Data entries:
□ □ □

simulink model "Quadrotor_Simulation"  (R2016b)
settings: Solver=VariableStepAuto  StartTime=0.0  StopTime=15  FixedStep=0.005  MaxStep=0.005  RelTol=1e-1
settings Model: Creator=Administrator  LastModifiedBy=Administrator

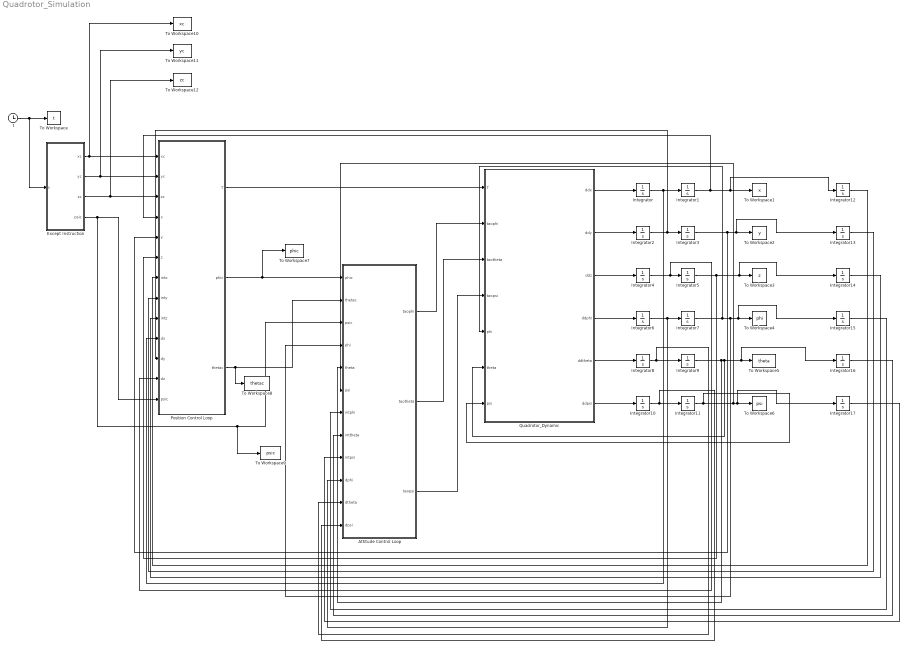
== system Quadrotor_Simulation ==
  Attitude Control Loop : Subsystem
  Except Instruction : MATLAB Function  TreatAsAtomicUnit=on
  Integrator : Integrator  InitialCondition=0.1
  Integrator{1,3,5..17} (15 alike) : Integrator
  Integrator2 : Integrator  InitialCondition=0.1
  Integrator4 : Integrator  InitialCondition=0.1
  Position Control Loop : Subsystem
  Quadrotor_Dynamic : MATLAB Function  TreatAsAtomicUnit=on
  To Workspace : ToWorkspace  VariableName=t  SampleTime=-1
  To Workspace1 : ToWorkspace  VariableName=x  SampleTime=-1
  To Workspace10 : ToWorkspace  VariableName=xc  SampleTime=-1
  To Workspace11 : ToWorkspace  VariableName=yc  SampleTime=-1
  To Workspace12 : ToWorkspace  VariableName=zc  SampleTime=-1
  To Workspace2 : ToWorkspace  VariableName=y  SampleTime=-1
  To Workspace3 : ToWorkspace  VariableName=z  SampleTime=-1
  To Workspace4 : ToWorkspace  VariableName=phi  SampleTime=-1
  To Workspace5 : ToWorkspace  VariableName=theta  SampleTime=-1
  To Workspace6 : ToWorkspace  VariableName=psi  SampleTime=-1
  To Workspace7 : ToWorkspace  VariableName=phic  SampleTime=-1
  To Workspace8 : ToWorkspace  VariableName=thetac  SampleTime=-1
  To Workspace9 : ToWorkspace  VariableName=psic  SampleTime=-1
  t : Clock
  wires:
  t/1 -> Except Instruction/1(t), To Workspace/1
  Except Instruction/1(xc) -> To Workspace10/1, Position Control Loop/1(xc)
  Except Instruction/2(yc) -> To Workspace11/1, Position Control Loop/2(yc)
  Except Instruction/3(zc) -> To Workspace12/1, Position Control Loop/3(zc)
  Except Instruction/4(psic) -> Attitude Control Loop/3(psic), To Workspace9/1, Position Control Loop/13(psic)
  Position Control Loop/2(phic) -> To Workspace7/1, Attitude Control Loop/1(phic)
  Position Control Loop/3(thetac) -> To Workspace8/1, Attitude Control Loop/2(thetac)
  Quadrotor_Dynamic/1(ddx) -> Integrator/1
  Integrator/1 -> Position Control Loop/10(dx), Integrator1/1
  Quadrotor_Dynamic/2(ddy) -> Integrator2/1
  Integrator2/1 -> Integrator3/1, Position Control Loop/11(dy)
  Quadrotor_Dynamic/3(ddz) -> Integrator4/1
  Integrator4/1 -> Position Control Loop/12(dz), Integrator5/1
  Quadrotor_Dynamic/4(ddphi) -> Integrator6/1
  Integrator6/1 -> Attitude Control Loop/10(dphi), Integrator7/1
  Quadrotor_Dynamic/5(ddtheta) -> Integrator8/1
  Integrator8/1 -> Attitude Control Loop/11(dtheta), Integrator9/1
  Quadrotor_Dynamic/6(ddpsi) -> Integrator10/1
  Integrator10/1 -> Attitude Control Loop/12(dpsi), Integrator11/1
  Integrator9/1 -> Attitude Control Loop/5(theta), Quadrotor_Dynamic/6(theta), Integrator16/1, To Workspace5/1
  Integrator11/1 -> Quadrotor_Dynamic/7(psi), Integrator17/1, To Workspace6/1, Attitude Control Loop/6(psi)
  Integrator7/1 -> Quadrotor_Dynamic/5(phi), Attitude Control Loop/4(phi), Integrator15/1, To Workspace4/1
  Integrator5/1 -> Position Control Loop/6(z), Integrator14/1, To Workspace3/1
  Integrator3/1 -> Position Control Loop/5(y), Integrator13/1, To Workspace2/1
  Integrator1/1 -> Position Control Loop/4(x), Integrator12/1, To Workspace1/1
  Position Control Loop/1(T) -> Quadrotor_Dynamic/1(T)
  Attitude Control Loop/1(taophi) -> Quadrotor_Dynamic/2(taophi)
  Attitude Control Loop/2(taotheta) -> Quadrotor_Dynamic/3(taotheta)
  Attitude Control Loop/3(taopsi) -> Quadrotor_Dynamic/4(taopsi)
  Integrator12/1 -> Position Control Loop/7(intx)
  Integrator13/1 -> Position Control Loop/8(inty)
  Integrator14/1 -> Position Control Loop/9(intz)
  Integrator15/1 -> Attitude Control Loop/7(intphi)
  Integrator16/1 -> Attitude Control Loop/8(inttheta)
  Integrator17/1 -> Attitude Control Loop/9(intpsi)

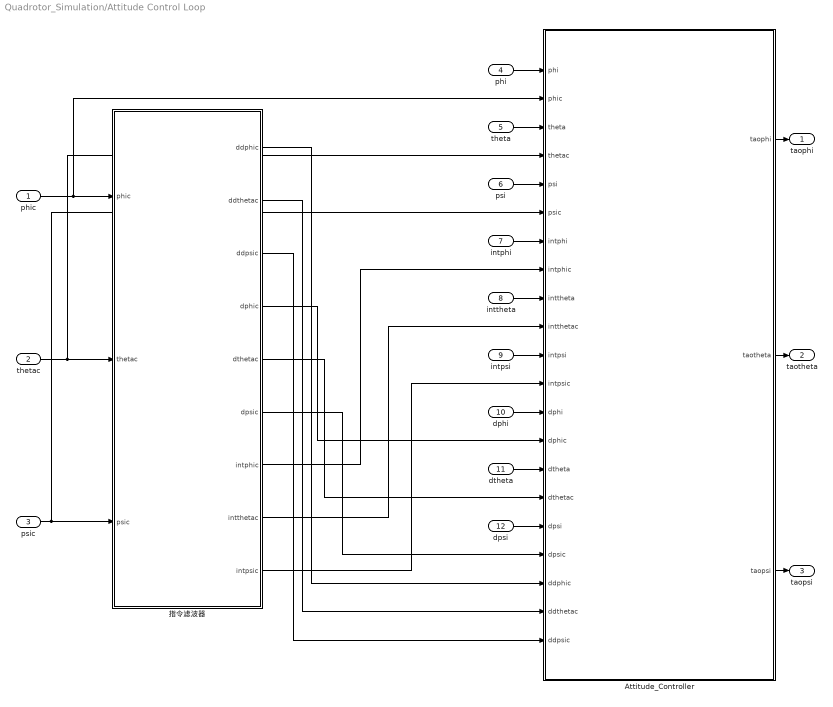
== system Quadrotor_Simulation/Attitude Control Loop ==
  phic : Inport
  thetac : Inport  Port=2
  psic : Inport  Port=3
  phi : Inport  Port=4
  theta : Inport  Port=5
  psi : Inport  Port=6
  intphi : Inport  Port=7
  inttheta : Inport  Port=8
  intpsi : Inport  Port=9
  dphi : Inport  Port=10
  dtheta : Inport  Port=11
  dpsi : Inport  Port=12
  Attitude_Controller : MATLAB Function  TreatAsAtomicUnit=on
  指令滤波器 : Subsystem
  taophi : Outport
  taotheta : Outport  Port=2
  taopsi : Outport  Port=3
  wires:
  指令滤波器/9(intpsic) -> Attitude_Controller/12(intpsic)
  指令滤波器/4(dphic) -> Attitude_Controller/14(dphic)
  dtheta/1 -> Attitude_Controller/15(dtheta)
  theta/1 -> Attitude_Controller/3(theta)
  dphi/1 -> Attitude_Controller/13(dphi)
  thetac/1 -> Attitude_Controller/4(thetac), 指令滤波器/2(thetac)
  inttheta/1 -> Attitude_Controller/9(inttheta)
  指令滤波器/7(intphic) -> Attitude_Controller/8(intphic)
  指令滤波器/5(dthetac) -> Attitude_Controller/16(dthetac)
  dpsi/1 -> Attitude_Controller/17(dpsi)
  指令滤波器/6(dpsic) -> Attitude_Controller/18(dpsic)
  指令滤波器/1(ddphic) -> Attitude_Controller/19(ddphic)
  phic/1 -> Attitude_Controller/2(phic), 指令滤波器/1(phic)
  phi/1 -> Attitude_Controller/1(phi)
  指令滤波器/8(intthetac) -> Attitude_Controller/10(intthetac)
  psi/1 -> Attitude_Controller/5(psi)
  psic/1 -> Attitude_Controller/6(psic), 指令滤波器/3(psic)
  intpsi/1 -> Attitude_Controller/11(intpsi)
  指令滤波器/3(ddpsic) -> Attitude_Controller/21(ddpsic)
  Attitude_Controller/2(taotheta) -> taotheta/1
  Attitude_Controller/3(taopsi) -> taopsi/1
  指令滤波器/2(ddthetac) -> Attitude_Controller/20(ddthetac)
  Attitude_Controller/1(taophi) -> taophi/1
  intphi/1 -> Attitude_Controller/7(intphi)

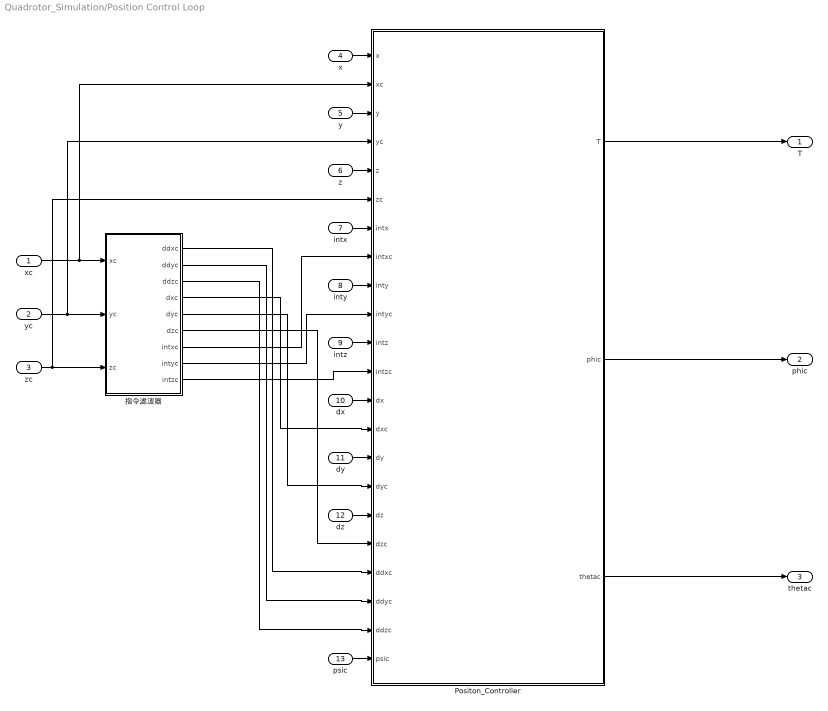
== system Quadrotor_Simulation/Position Control Loop ==
  xc : Inport
  yc : Inport  Port=2
  zc : Inport  Port=3
  x : Inport  Port=4
  y : Inport  Port=5
  z : Inport  Port=6
  intx : Inport  Port=7
  inty : Inport  Port=8
  intz : Inport  Port=9
  dx : Inport  Port=10
  dy : Inport  Port=11
  dz : Inport  Port=12
  psic : Inport  Port=13
  Positon_Controller : MATLAB Function  TreatAsAtomicUnit=on
  指令滤波器 : Subsystem
  T : Outport
  phic : Outport  Port=2
  thetac : Outport  Port=3
  wires:
  zc/1 -> Positon_Controller/6(zc), 指令滤波器/3(zc)
  yc/1 -> Positon_Controller/4(yc), 指令滤波器/2(yc)
  xc/1 -> Positon_Controller/2(xc), 指令滤波器/1(xc)
  指令滤波器/6(dzc) -> Positon_Controller/18(dzc)
  指令滤波器/8(intyc) -> Positon_Controller/10(intyc)
  指令滤波器/3(ddzc) -> Positon_Controller/21(ddzc)
  指令滤波器/7(intxc) -> Positon_Controller/8(intxc)
  指令滤波器/4(dxc) -> Positon_Controller/14(dxc)
  指令滤波器/1(ddxc) -> Positon_Controller/19(ddxc)
  指令滤波器/9(intzc) -> Positon_Controller/12(intzc)
  指令滤波器/2(ddyc) -> Positon_Controller/20(ddyc)
  指令滤波器/5(dyc) -> Positon_Controller/16(dyc)
  Positon_Controller/2(phic) -> phic/1
  Positon_Controller/3(thetac) -> thetac/1
  Positon_Controller/1(T) -> T/1
  x/1 -> Positon_Controller/1(x)
  y/1 -> Positon_Controller/3(y)
  z/1 -> Positon_Controller/5(z)
  intx/1 -> Positon_Controller/7(intx)
  inty/1 -> Positon_Controller/9(inty)
  intz/1 -> Positon_Controller/11(intz)
  dx/1 -> Positon_Controller/13(dx)
  dy/1 -> Positon_Controller/15(dy)
  dz/1 -> Positon_Controller/17(dz)
  psic/1 -> Positon_Controller/22(psic)

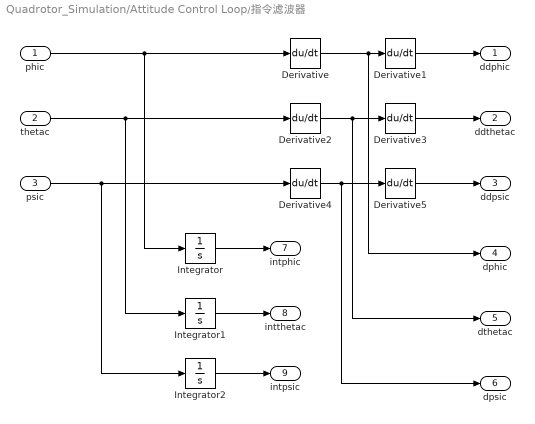
== system Quadrotor_Simulation/Attitude Control Loop/指令滤波器 ==
  phic : Inport
  thetac : Inport  Port=2
  psic : Inport  Port=3
  Derivative{,1..5} (6 alike) : Derivative
  Integrator : Integrator
  Integrator1 : Integrator
  Integrator2 : Integrator
  ddphic : Outport
  ddthetac : Outport  Port=2
  ddpsic : Outport  Port=3
  dphic : Outport  Port=4
  dthetac : Outport  Port=5
  dpsic : Outport  Port=6
  intphic : Outport  Port=7
  intthetac : Outport  Port=8
  intpsic : Outport  Port=9
  wires:
  Derivative3/1 -> ddthetac/1
  Derivative5/1 -> ddpsic/1
  Derivative1/1 -> ddphic/1
  thetac/1 -> Integrator1/1, Derivative2/1
  psic/1 -> Integrator2/1, Derivative4/1
  Derivative2/1 -> dthetac/1, Derivative3/1
  Derivative4/1 -> dpsic/1, Derivative5/1
  Derivative/1 -> dphic/1, Derivative1/1
  Integrator/1 -> intphic/1
  Integrator1/1 -> intthetac/1
  Integrator2/1 -> intpsic/1
  phic/1 -> Integrator/1, Derivative/1

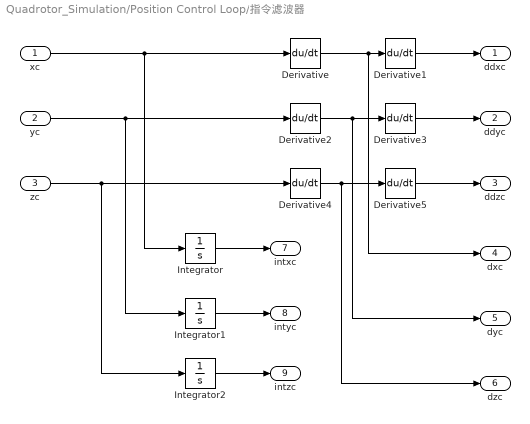
== system Quadrotor_Simulation/Position Control Loop/指令滤波器 ==
  xc : Inport
  yc : Inport  Port=2
  zc : Inport  Port=3
  Derivative{,1..5} (6 alike) : Derivative
  Integrator : Integrator
  Integrator1 : Integrator
  Integrator2 : Integrator
  ddxc : Outport
  ddyc : Outport  Port=2
  ddzc : Outport  Port=3
  dxc : Outport  Port=4
  dyc : Outport  Port=5
  dzc : Outport  Port=6
  intxc : Outport  Port=7
  intyc : Outport  Port=8
  intzc : Outport  Port=9
  wires:
  Derivative3/1 -> ddyc/1
  Derivative5/1 -> ddzc/1
  Derivative1/1 -> ddxc/1
  yc/1 -> Integrator1/1, Derivative2/1
  zc/1 -> Integrator2/1, Derivative4/1
  Derivative2/1 -> dyc/1, Derivative3/1
  Derivative4/1 -> dzc/1, Derivative5/1
  Derivative/1 -> dxc/1, Derivative1/1
  Integrator/1 -> intxc/1
  Integrator1/1 -> intyc/1
  Integrator2/1 -> intzc/1
  xc/1 -> Integrator/1, Derivative/1

== matlab function Quadrotor_Simulation/Position Control Loop/Positon_Controller ==
  data: x input; T output; xc input; y input; yc input; z input; zc input; intx input; intxc input; inty input; intyc input; intz input; intzc input; dx input; dxc input; dy input; dyc input; dz input; dzc input; ddxc input; ddyc input; ddzc input; phic output; thetac output; psic input
function [T,phic,thetac] = fcn(x,xc,y,yc,z,zc,intx,intxc,inty,intyc,intz,intzc,dx,dxc,dy,dyc,dz,dzc,ddxc,ddyc,ddzc,psic)

m = 1;
g = 9.81;

kp = 3;
ki = 0.13;
kd = 1.1;

kpx =  kp; kpy =  kp; kpz =  kp;
kix = ki; kiy = ki; kiz = ki; 
kdx = kd; kdy = kd; kdz = kd;

ex= xc - x;
ey = yc - y;
ez = zc - z;

intex = intxc - intx;
intey = intyc - inty;
intez = intzc - intz;

dex = dxc - dx;
dey = dyc - dy;
dez = dzc - dz;

%%
ddxc = 0; ddyc = 0; ddzc = 0;
%%

Ux = kpx * ex + kix * intex + kdx * dex + ddxc;
Uy = kpy * ey + kiy * intey + kdy * dey + ddyc;
Uz = kpz * ez + kiz * intez + kdz * dez + ddzc;

T = m * sqrt(Ux * Ux + Uy * Uy + (Uz + g) * (Uz + g));

temp1 = m * (Ux * sin(psic) - Uy * cos(psic)) / T;
% if temp1 > 1
%     temp1 = 1;
% elseif temp1 < -1
%     temp1 = -1;
% end
phic = asin(temp1);
% if phic > 20 * pi / 180;
%     phic = 20 * pi / 180;
% elseif phic < -20 * pi / 180
%     phic = -20 * pi / 180;
% end

temp2 = (m * Ux - T * sin(psic) * sin(phic)) / (T * cos(psic) * cos(phic));
% if temp2 > 1
%     temp2 = 1;
% elseif temp2 < -1
%     temp2 = -1;
% end
thetac = asin(temp2);
% if thetac > 20 * pi / 180
%     thetac = 20 * pi / 180;
% elseif thetac < -20 * pi / 180
%     thetac = -20 * pi / 180;
% end

== matlab function Quadrotor_Simulation/Except Instruction ==
  data: xc output; t input; yc output; zc output; psic output
function [xc,yc,zc,psic] = fcn(t)

xc = 5 * sin(t);
yc = 0.5 * sin(0.5 * t);
zc = 3;

psic = 0;

== matlab function Quadrotor_Simulation/Attitude Control Loop/Attitude_Controller ==
  data: phi input; taophi output; phic input; theta input; thetac input; psi input; psic input; intphi input; intphic input; inttheta input; intthetac input; intpsi input; intpsic input; dphi input; dphic input; dtheta input; dthetac input; dpsi input; dpsic input; ddphic input; ddthetac input; ddpsic input; taotheta output; taopsi output
function [taophi,taotheta,taopsi] = fcn(phi,phic,theta,thetac,psi,psic,intphi,intphic,inttheta,intthetac,intpsi,intpsic,dphi,dphic,dtheta,dthetac,dpsi,dpsic,ddphic,ddthetac,ddpsic)

Jx = 6.23e-3; Jy = 6.22e-3; Jz = 1.12e-3;

kp = 6;
ki = 0.6;
kd = 10;

kpphi =  kp; kptheta =  kp; kppsi =  kp;
kiphi = ki; kitheta = ki; kipsi = ki; 
kdphi = kd; kdtheta = kd; kdpsi = kd;

ephi= phic - phi;
etheta = thetac - theta;
epsi = psic - psi;

intephi = intphic - intphi;
intetheta = intthetac - inttheta;
intepsi = intpsic - intpsi;

dephi = dphic - dphi;
detheta = dthetac - dtheta;
depsi = dpsic - dpsi;

%%
ddphic = 0; ddthetac = 0; ddpsic = 0;
%%

Uphi = kpphi * ephi + kiphi * intephi + kdphi * dephi + ddphic;
Utheta = kptheta * etheta + kitheta * intetheta + kdtheta * detheta + ddthetac;
Upsi = kppsi * epsi + kipsi * intepsi + kdpsi * depsi + ddpsic;

taophi = Jx * Uphi;
taotheta = Jy * Utheta;
taopsi = Jz * Upsi;

== matlab function Quadrotor_Simulation/Quadrotor_Dynamic ==
  data: T input; ddx output; taophi input; taotheta input; taopsi input; ddy output; ddz output; ddphi output; ddtheta output; ddpsi output; phi input; theta input; psi input
function [ddx,ddy,ddz,ddphi,ddtheta,ddpsi] = fcn(T,taophi,taotheta,taopsi,phi,theta,psi)

m = 1;
g = 9.81;
Jx = 6.23e-3; Jy = 6.22e-3; Jz = 1.12e-3;


ddx = T * (cos(phi) * sin(theta) * cos(psi) + sin(phi) * sin(psi)) / m;
ddy = T * (cos(phi) * sin(theta) * sin(psi) - sin(phi) * cos(psi)) / m;
ddz = T * cos(phi) * cos(theta) / m - g;

ddphi = taophi / Jx;
ddtheta = taotheta / Jy;
ddpsi = taopsi / Jz;

□ □ □

REQUIRED WORK: Look back at the entries above. Retype the line with "Positon_Controller : MATLAB", the line with "指令滤波器/9(intzc) -> Positon_Controller/12(intzc)", and all lines in between.

OUTPUT:
  Positon_Controller : MATLAB Function  TreatAsAtomicUnit=on
  指令滤波器 : Subsystem
  T : Outport
  phic : Outport  Port=2
  thetac : Outport  Port=3
  wires:
  zc/1 -> Positon_Controller/6(zc), 指令滤波器/3(zc)
  yc/1 -> Positon_Controller/4(yc), 指令滤波器/2(yc)
  xc/1 -> Positon_Controller/2(xc), 指令滤波器/1(xc)
  指令滤波器/6(dzc) -> Positon_Controller/18(dzc)
  指令滤波器/8(intyc) -> Positon_Controller/10(intyc)
  指令滤波器/3(ddzc) -> Positon_Controller/21(ddzc)
  指令滤波器/7(intxc) -> Positon_Controller/8(intxc)
  指令滤波器/4(dxc) -> Positon_Controller/14(dxc)
  指令滤波器/1(ddxc) -> Positon_Controller/19(ddxc)
  指令滤波器/9(intzc) -> Positon_Controller/12(intzc)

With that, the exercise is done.